Henry überlebte den Krieg in England, studierte später Chemie und wanderte 1968 nach Israel aus.
Sein Vater Max wurde am 9. Dezember 1942 nach Auschwitz deportiert und eine Woche später ermordet.
Die Postkarten drücken die Sehnsucht und Liebe eines Vaters aus, der gezwungen war, seinen Sohn in die Ferne zu schicken. Die farbenfrohen Bilder der Karten stehen in extremem Gegensatz zu der furchtbaren Realität und den Umständen, unter denen sie geschrieben wurden. Aus den Karten spricht die Hoffnung auf Heinz' Sicherheit und Wohlbefinden sowie die wachsende Befürchtung, den geliebten Sohn nie wieder zu sehen.
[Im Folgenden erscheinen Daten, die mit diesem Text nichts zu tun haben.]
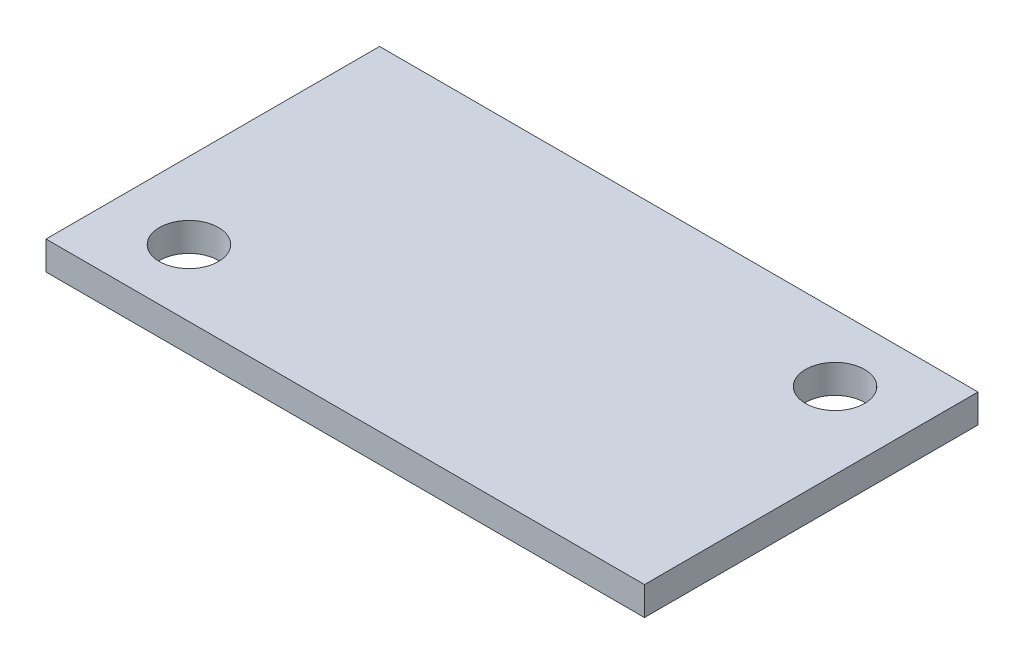
SolidWorks part; units mm, degrees
ref_plane "Płaszczyzna przednia" through (0, 0, 0) normal (0, 0, 1) x (1, 0, 0)
ref_plane "Płaszczyzna górna" through (0, 0, 0) normal (0, 1, 0) x (1, 0, 0)
ref_plane "Płaszczyzna prawa" through (0, 0, 0) normal (1, 0, 0) x (0, 0, -1)
sketch "Szkic1" plane through (0, -21.8164, 0) normal (0, -1, 0) x (1, 0, 0)
  line L0 (331.4605, -469.0288) -> (362.8605, -469.0288)
  line L1 (331.4605, -469.0288) -> (331.4605, -451.5288)
  line L2 (362.8605, -469.0288) -> (362.8605, -451.5288)
  line L3 (331.4605, -451.5288) -> (362.8605, -451.5288)
  dimension "D1" = 17.5
  dimension "D2" = 31.4
extrude "Dodanie-wyciągnięcie1" add sketch "Szkic1" along normal blind 1.5
sketch "Szkic2" plane through (0, -23.3164, 0) normal (0, -1, 0) x (1, 0, 0)
  line L0 (362.8605, -451.5288) -> (331.4605, -451.5288) construction
  line L1 (362.8605, -469.0288) -> (362.8605, -451.5288) construction
  line L2 (331.4605, -451.5288) -> (331.4605, -469.0288) construction
  line L3 (331.4605, -469.0288) -> (362.8605, -469.0288) construction
  circle A0 centre (358.8605, -465.5288) radius 1.55
  circle A1 centre (335.4605, -455.0288) radius 1.55
  dimension "D1" = 3.1
  dimension "D2" = 3.1
  dimension "D3" = 3.5
  dimension "D4" = 3.5
  dimension "D5" = 4
  dimension "D6" = 4
extrude "Wytnij-wyciągnięcie1" cut sketch "Szkic2" against normal blind 1.5
sketch "Szkic3" plane through (0, -23.3164, 0) normal (0, -1, 0) x (1, 0, 0)
  line L0 (347.2105, -457.8288) -> (350.1105, -457.8288)
  line L1 (347.2105, -457.8288) -> (347.2105, -456.2288)
  line L2 (350.1105, -457.8288) -> (350.1105, -456.2288)
  line L3 (347.2105, -456.2288) -> (350.1105, -456.2288)
  line L5 (362.8605, -451.5288) -> (331.4605, -451.5288) construction
  circle A0 centre (335.4605, -455.0288) radius 1.55 construction
  dimension "D1" = 2.9
  dimension "D2" = 1.6
  dimension "D3" = 4.7
  dimension "D4" = 11.75
extrude "Dodanie-wyciągnięcie2" add sketch "Szkic3" along normal blind 1.8
sketch "Szkic4" plane through (0, -23.3164, 0) normal (0, -1, 0) x (1, 0, 0)
  line L0 (337.4605, -459.7788) -> (337.4605, -467.2788)
  line L1 (337.4605, -459.7788) -> (340.4605, -459.7788)
  line L2 (337.4605, -467.2788) -> (340.4605, -467.2788)
  line L3 (340.4605, -459.7788) -> (340.4605, -467.2788)
  line L4 (331.4605, -451.5288) -> (331.4605, -469.0288) construction
  line L5 (331.4605, -469.0288) -> (362.8605, -469.0288) construction
  point P0 (337.4605, -463.5288)
  dimension "D1" = 7.5
  dimension "D2" = 3
  dimension "D3" = 1.75
  dimension "D4" = 6
extrude "Dodanie-wyciągnięcie3" add sketch "Szkic4" along normal blind 2.5
sketch "Szkic6" plane through (337.4605, 0, 0) normal (-1, 0, 0) x (0, 0, 1)
  line L0 (-460.5288, -24.0664) -> (-461.5288, -24.0664)
  line L1 (-460.5288, -24.0664) -> (-460.5288, -25.0664)
  line L2 (-461.5288, -24.0664) -> (-461.5288, -25.0664)
  line L3 (-460.5288, -25.0664) -> (-461.5288, -25.0664)
  line L4 (-459.7788, -25.8164) -> (-459.7788, -23.3164) construction
  line L5 (-459.7788, -23.3164) -> (-467.2788, -23.3164) construction
  dimension "D1" = 1
  dimension "D2" = 1
  dimension "D3" = 0.75
  dimension "D4" = 0.75
extrude "Dodanie-wyciągnięcie5" add sketch "Szkic6" along normal blind 5.8
pattern_linear "Szyk liniowy3" count 3 spacing 2.5 along (0, 0, -1) of "Dodanie-wyciągnięcie5"
sketch "Szkic7" plane through (0, -25.1164, 0) normal (0, -1, 0) x (1, 0, 0)
  line L0 (348.6605, -457.8288) -> (348.6605, -456.2288)
  line L1 (347.2105, -457.8288) -> (350.1105, -457.8288) construction
  line L2 (350.1105, -456.2288) -> (347.2105, -456.2288) construction
  circle A0 centre (348.6605, -457.0288) radius 0.46
  point P6 (348.6605, -457.0288)
equation "\"tolerancja_wpusy\"=0.2"
equation "\"dlugosc_wpustu_duzy\"=20"
equation "\"srednica_otworu_M3\"=3.1"
equation "\"szerokosc_nogi_T\"=3.1"
equation "\"dlugosc_T_30\"=11"
equation "\"grubosc_na_nakretke_kwadrat\"=2"
equation "\"szerokosc_na_nakretke_kwadrat\"=5.85"
equation "\"wyokosc_nadstawki_T\"=0.5"
equation "\"dlugosc_T_20_6\"=14"
equation "\"D1@Szkic2\"=\"srednica_otworu_M3\""
equation "\"D2@Szkic2\"=\"srednica_otworu_M3\""

Die furchtbare Zukunft erahnend, verfasste Max Lichtwitz im November 1941 einen Abschiedsbrief an einen Freund, in dem er schrieb: „Sage ihm (Heinz) bitte später einmal, dass ich ihn nur aus tiefer Liebe und Sorge um seine Zukunft fortgegeben habe, dass ich ihn aber auf der anderen Seite Tag für Tag auf das Schmerzlichste vermisst habe und dass mein Leben seinen Sinn verloren hat, wenn es nicht doch noch einmal eine Möglichkeit geben sollte, ihn wiederzusehen."
Alle Postkarten wurden von Yad Vashem veröffentlicht und sind hier erhältlich »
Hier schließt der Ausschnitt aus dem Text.